# What Tools Do You Use



## jar546 (Dec 28, 2018)

What tools do you use for your job as a code inspector?  When it comes to performing your duties on the jobsite, what is in your toolbag?

I will start:

2- Flashlights, one for backup
1- 30' Tape Measure
1- Combination/Multi screwdriver
1- Vinyl siding zipper tool (I don't need that anymore)
1- Receptacle tester with GFCI capability & digital readout (Ideal)
1- Basic receptacle tester with 3 lights & GFCI tester
1- Multi-Meter for double-checking voltage (for safety)
1- Moisture meter


----------



## linnrg (Dec 28, 2018)

a flashlight (got a new rechargeable one as a XMas present)
GFCI tester
1/4" x 4' wood dowel (for testing smokes,  Emerg.

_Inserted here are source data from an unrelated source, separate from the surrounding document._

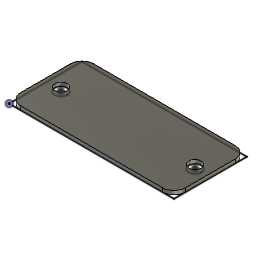
Famicom Box Coinbox Cover Small v1 (Autodesk Fusion 360 design; units mm, degrees)
Autodesk Fusion 360 part; units mm, degrees
sketch "Sketch1" plane through (0, 0, 0) normal (0, 0, 1) x (1, 0, 0)
  line L0 (0, 0) -> (43, 0)
  line L1 (43, 0) -> (43, 19)
  line L2 (43, 19) -> (0, 19)
  line L3 (0, 19) -> (0, 0)
  circle A0 centre (39, 9.5) radius 1.6
  circle A1 centre (4, 9.5) radius 1.6
  dimension "d1" = 43
  dimension "d2" = 19
  dimension "d3" = 3.2
  dimension "d4" = 3.2
  dimension "d5" = 4
  dimension "d6" = 4
  dimension "d17" = 9.5
  dimension "d18" = 9.5
  constraint horizontal L0
  constraint vertical L1
  constraint horizontal L2
  constraint vertical L3
  constraint coincident L0.start L3.end
  measures "d1" distance of L1.end L2.end
  measures "d2" distance of L0 L2
  measures "d3" diameter of A0
  measures "d4" diameter of A1
  measures "d5" distance of L3 A1.centre
  measures "d6" distance of L1 A0.centre
  measures "d17" distance of L2 A1.centre
  measures "d18" distance of L2 A0.centre
extrude "Extrude1" add sketch "Sketch1" along normal blind 1
fillet "Fillet1" radius 3 1 edges at (43, 19, 0.5)
fillet "Fillet1" radius 3 1 edges at (0, 19, 0.5)
fillet "Fillet1" radius 3 1 edges at (0, 0, 0.5)
fillet "Fillet1" radius 3 1 edges at (43, 0, 0.5)

Lights, etc.)
Occasional Camera and occasional tape measure
Safety Vest and Hard Hat
plastic clip board
My computer and cell phone
and finally a huge bookcase filled with code books (I do have a IPAD that has most of the codes on it)


----------



## Pcinspector1 (Dec 28, 2018)

You forgot your:
Transportation 
I-Phone with apps
AFCI tester
Dowel rod for testing smokes
Approval stickers and denial stickers
Inspection reports
Booties


----------



## Pcinspector1 (Dec 28, 2018)

Measuring wheel to verify house setbacks was thrown in the trunk whe I got it back from Public Works!


----------



## ICE (Dec 29, 2018)

My website


----------



## mtlogcabin (Dec 31, 2018)

Smoke Check for testing smoke detectors not a dowel rod
Flashlight
Head lamp and knee pads for crawl space inspections
Basic receptacle tester with 3 lights & GFCI tester
I-Phone with camera and decibel meter app and level app
Screw driver with various tips 
Spray paint to identify areas that need additional nailing on sheathing
24" Smart Level
Tuff pad to access electronic plans and I-Quest when in the field.
Measuring wheel
Infrared Temperature gun 

PPE
Hardhat
Safety glasses
Ear plugs
Orange Vest
Safety boots ($125.00 allowance per year paid by the city)
Gloves
Safety harness to tie off when needed
Portable CO detectors


----------



## Pcinspector1 (Dec 31, 2018)

I forgot my torpedo level, hardhat, yellow vest, business cards and identification badge.

Some of you might have a handheld radio or pager.


----------